Data excerpts
++++++++++++++++++++
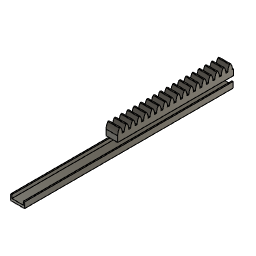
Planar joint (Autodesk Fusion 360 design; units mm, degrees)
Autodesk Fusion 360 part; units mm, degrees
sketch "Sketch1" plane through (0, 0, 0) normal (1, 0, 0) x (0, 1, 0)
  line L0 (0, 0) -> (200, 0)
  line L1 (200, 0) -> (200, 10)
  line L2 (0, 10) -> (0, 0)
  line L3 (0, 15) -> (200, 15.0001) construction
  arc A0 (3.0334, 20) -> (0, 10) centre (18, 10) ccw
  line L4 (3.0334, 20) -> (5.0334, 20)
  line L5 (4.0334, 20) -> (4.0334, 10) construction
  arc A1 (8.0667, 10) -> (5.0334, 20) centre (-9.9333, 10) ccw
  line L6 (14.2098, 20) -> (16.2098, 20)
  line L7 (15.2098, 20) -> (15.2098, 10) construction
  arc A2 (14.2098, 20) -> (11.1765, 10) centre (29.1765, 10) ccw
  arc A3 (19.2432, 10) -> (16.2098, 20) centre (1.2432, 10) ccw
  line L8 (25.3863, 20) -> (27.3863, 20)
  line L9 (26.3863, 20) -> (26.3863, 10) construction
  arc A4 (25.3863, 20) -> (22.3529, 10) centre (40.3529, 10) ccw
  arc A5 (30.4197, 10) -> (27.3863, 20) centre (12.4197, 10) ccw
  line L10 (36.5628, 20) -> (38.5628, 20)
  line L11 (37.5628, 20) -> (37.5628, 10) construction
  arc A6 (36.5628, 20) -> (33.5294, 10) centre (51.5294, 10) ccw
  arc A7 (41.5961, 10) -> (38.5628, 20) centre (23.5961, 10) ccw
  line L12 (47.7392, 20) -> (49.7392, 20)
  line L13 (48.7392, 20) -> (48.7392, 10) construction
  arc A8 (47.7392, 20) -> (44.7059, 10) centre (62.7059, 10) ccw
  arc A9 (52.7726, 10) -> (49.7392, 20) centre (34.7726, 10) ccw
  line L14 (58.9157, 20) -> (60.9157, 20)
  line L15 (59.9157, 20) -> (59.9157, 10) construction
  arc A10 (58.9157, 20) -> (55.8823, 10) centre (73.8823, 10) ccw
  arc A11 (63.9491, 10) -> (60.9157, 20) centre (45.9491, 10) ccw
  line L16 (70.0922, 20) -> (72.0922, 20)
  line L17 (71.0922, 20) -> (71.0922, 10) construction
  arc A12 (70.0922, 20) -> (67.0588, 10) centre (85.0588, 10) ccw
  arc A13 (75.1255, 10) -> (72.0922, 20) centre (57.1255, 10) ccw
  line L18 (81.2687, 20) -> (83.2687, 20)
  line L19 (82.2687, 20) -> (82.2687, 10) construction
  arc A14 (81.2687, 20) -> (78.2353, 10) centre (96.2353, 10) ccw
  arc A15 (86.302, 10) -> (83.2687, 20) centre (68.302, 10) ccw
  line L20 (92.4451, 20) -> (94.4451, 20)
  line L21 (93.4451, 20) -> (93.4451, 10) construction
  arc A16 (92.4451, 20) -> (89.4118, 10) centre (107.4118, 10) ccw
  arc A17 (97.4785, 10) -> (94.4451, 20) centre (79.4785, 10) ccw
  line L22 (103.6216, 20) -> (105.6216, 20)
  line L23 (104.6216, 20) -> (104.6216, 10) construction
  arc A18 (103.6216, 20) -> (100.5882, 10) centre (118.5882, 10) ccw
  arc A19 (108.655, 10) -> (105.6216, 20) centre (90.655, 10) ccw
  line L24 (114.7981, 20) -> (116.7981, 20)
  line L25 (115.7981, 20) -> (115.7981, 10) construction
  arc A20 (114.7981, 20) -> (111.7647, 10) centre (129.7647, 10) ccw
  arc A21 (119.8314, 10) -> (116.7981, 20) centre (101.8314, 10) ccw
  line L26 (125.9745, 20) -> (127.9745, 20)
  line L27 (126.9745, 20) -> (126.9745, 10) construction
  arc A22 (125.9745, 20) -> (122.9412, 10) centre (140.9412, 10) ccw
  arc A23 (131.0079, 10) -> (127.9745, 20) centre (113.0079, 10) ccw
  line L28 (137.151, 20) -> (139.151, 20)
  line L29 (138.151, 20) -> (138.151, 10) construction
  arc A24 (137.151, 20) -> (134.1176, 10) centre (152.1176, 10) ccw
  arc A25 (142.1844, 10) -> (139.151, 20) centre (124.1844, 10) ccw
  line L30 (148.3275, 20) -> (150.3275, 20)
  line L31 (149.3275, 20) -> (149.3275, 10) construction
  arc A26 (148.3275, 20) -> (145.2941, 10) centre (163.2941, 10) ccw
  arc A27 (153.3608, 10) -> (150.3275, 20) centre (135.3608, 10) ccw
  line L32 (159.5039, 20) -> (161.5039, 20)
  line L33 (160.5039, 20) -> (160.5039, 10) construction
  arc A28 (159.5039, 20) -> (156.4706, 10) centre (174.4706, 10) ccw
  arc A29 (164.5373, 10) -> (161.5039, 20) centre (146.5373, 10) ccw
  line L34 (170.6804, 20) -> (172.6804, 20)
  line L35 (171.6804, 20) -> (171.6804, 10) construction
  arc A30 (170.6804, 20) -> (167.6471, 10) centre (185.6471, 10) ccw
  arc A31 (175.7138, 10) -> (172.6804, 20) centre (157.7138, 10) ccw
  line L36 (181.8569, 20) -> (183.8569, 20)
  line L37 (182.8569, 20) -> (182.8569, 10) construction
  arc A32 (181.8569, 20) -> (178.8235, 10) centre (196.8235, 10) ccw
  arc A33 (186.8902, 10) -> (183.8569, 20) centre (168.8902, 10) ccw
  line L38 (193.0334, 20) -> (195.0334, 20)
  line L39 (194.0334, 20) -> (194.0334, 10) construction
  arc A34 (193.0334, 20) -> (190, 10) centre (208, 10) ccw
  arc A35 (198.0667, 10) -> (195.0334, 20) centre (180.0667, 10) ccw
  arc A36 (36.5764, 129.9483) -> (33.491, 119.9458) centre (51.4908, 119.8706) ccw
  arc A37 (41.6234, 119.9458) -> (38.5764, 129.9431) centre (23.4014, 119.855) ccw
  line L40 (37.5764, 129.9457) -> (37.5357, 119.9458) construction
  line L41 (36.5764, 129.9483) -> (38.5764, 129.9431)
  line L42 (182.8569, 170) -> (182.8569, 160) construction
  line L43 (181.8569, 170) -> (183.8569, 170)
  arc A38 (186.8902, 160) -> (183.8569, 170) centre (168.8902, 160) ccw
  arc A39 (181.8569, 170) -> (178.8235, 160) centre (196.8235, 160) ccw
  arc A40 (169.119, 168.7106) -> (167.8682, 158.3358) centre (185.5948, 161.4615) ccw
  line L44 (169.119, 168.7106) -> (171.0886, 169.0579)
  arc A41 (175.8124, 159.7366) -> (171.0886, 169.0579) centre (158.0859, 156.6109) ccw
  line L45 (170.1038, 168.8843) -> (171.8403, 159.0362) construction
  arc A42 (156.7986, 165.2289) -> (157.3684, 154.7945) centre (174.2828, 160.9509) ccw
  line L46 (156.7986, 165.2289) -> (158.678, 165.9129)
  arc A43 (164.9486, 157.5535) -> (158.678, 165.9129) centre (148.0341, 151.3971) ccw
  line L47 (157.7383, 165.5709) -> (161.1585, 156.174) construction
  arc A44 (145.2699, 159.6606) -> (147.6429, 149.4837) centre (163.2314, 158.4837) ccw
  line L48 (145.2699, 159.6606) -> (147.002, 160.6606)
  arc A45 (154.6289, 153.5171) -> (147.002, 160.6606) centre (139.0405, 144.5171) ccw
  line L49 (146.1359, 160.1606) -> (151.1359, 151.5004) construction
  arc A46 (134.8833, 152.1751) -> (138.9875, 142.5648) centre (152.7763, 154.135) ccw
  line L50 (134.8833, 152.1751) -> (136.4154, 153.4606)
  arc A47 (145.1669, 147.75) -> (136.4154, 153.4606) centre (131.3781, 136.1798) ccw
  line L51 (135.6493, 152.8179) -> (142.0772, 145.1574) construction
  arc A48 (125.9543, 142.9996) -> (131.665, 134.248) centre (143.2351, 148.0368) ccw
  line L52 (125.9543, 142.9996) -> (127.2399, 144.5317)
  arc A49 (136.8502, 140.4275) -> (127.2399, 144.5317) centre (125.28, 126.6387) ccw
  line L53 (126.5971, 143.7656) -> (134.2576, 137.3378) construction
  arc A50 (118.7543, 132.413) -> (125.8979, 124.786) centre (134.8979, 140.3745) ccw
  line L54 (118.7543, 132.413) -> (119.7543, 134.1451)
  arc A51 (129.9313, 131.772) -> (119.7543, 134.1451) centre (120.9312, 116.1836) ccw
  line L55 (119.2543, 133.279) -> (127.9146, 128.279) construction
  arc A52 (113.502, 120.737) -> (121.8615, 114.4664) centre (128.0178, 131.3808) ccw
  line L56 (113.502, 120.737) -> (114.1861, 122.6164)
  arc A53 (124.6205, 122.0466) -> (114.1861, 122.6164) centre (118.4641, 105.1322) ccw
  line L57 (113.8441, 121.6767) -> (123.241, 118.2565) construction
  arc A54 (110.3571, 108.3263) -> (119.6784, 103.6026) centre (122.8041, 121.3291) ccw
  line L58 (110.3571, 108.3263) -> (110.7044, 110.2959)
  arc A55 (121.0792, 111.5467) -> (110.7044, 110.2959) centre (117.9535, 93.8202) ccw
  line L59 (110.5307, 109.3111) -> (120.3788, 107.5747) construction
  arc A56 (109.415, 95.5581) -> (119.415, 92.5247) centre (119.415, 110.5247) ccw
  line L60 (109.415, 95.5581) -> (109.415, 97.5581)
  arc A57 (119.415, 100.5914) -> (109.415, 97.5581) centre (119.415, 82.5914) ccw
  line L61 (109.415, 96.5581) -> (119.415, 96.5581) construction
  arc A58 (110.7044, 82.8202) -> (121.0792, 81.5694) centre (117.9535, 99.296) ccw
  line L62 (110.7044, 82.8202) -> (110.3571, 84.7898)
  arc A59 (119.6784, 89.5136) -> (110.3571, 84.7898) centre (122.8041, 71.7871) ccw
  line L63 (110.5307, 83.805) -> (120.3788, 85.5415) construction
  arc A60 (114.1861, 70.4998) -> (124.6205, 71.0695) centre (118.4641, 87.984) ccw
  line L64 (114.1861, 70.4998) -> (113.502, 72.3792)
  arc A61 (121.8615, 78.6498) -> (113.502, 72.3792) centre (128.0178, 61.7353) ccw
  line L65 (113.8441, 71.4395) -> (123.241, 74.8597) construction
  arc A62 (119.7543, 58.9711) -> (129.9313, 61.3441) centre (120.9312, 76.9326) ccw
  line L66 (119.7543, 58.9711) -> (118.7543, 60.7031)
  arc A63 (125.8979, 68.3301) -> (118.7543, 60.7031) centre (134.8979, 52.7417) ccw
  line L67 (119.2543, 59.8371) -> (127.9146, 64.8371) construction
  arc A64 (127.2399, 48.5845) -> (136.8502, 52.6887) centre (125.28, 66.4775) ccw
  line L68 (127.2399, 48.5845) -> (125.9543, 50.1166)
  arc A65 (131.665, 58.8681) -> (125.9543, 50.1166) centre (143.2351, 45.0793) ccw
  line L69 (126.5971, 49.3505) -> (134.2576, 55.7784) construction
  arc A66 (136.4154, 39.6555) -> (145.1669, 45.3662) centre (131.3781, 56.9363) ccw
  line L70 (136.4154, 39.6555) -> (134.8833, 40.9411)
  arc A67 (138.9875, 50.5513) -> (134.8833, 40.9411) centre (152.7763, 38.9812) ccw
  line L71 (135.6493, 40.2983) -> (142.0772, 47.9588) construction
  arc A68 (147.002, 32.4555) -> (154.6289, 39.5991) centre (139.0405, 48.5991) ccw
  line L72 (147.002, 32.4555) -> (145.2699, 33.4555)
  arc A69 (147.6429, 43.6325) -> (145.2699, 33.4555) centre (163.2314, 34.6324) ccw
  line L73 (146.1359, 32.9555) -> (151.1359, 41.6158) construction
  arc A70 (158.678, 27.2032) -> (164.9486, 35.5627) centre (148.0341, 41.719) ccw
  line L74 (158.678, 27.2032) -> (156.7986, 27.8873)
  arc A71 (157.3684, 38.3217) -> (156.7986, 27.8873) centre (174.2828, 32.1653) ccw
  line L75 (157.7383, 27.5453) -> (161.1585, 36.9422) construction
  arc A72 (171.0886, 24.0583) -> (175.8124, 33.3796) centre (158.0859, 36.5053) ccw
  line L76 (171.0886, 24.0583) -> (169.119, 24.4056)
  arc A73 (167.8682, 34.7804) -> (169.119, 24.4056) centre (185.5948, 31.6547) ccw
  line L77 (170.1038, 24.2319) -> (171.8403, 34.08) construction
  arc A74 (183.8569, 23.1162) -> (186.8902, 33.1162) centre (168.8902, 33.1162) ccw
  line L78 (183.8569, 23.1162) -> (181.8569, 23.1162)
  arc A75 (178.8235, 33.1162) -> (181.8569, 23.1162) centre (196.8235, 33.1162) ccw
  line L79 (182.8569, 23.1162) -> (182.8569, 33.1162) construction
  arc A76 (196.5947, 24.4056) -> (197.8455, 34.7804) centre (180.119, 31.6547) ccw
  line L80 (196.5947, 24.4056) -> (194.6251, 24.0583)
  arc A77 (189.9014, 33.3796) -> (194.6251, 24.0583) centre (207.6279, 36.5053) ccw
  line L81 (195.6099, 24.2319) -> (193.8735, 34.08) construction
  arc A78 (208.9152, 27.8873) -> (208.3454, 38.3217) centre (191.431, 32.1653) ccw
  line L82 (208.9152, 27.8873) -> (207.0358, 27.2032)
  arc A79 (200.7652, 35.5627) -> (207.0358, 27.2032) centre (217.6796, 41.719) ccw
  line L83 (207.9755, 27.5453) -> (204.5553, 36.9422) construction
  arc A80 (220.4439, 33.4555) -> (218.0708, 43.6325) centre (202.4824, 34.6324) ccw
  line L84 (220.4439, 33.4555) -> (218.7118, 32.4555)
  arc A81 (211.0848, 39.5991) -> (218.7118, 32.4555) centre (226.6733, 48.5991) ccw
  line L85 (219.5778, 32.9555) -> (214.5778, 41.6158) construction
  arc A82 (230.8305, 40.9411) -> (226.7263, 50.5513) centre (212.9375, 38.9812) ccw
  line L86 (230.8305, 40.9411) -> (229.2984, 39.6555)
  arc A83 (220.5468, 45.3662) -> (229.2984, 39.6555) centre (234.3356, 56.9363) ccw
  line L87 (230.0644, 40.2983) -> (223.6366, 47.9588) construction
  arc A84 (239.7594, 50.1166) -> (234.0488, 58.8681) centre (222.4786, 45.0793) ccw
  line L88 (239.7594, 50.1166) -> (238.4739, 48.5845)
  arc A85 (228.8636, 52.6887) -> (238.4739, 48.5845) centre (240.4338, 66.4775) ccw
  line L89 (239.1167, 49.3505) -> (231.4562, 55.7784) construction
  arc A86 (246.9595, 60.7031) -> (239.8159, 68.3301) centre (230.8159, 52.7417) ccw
++++++++++++++++++++
» **What you need to do**:
In the entries above, restate word for word the lines between the one holding "arc A66 (136.4154, 39.6555)" and the one holding "arc A67 (138.9875, 50.5513)", inclusive, and nothing besides.

» **Task solution**:
  arc A66 (136.4154, 39.6555) -> (145.1669, 45.3662) centre (131.3781, 56.9363) ccw
  line L70 (136.4154, 39.6555) -> (134.8833, 40.9411)
  arc A67 (138.9875, 50.5513) -> (134.8833, 40.9411) centre (152.7763, 38.9812) ccw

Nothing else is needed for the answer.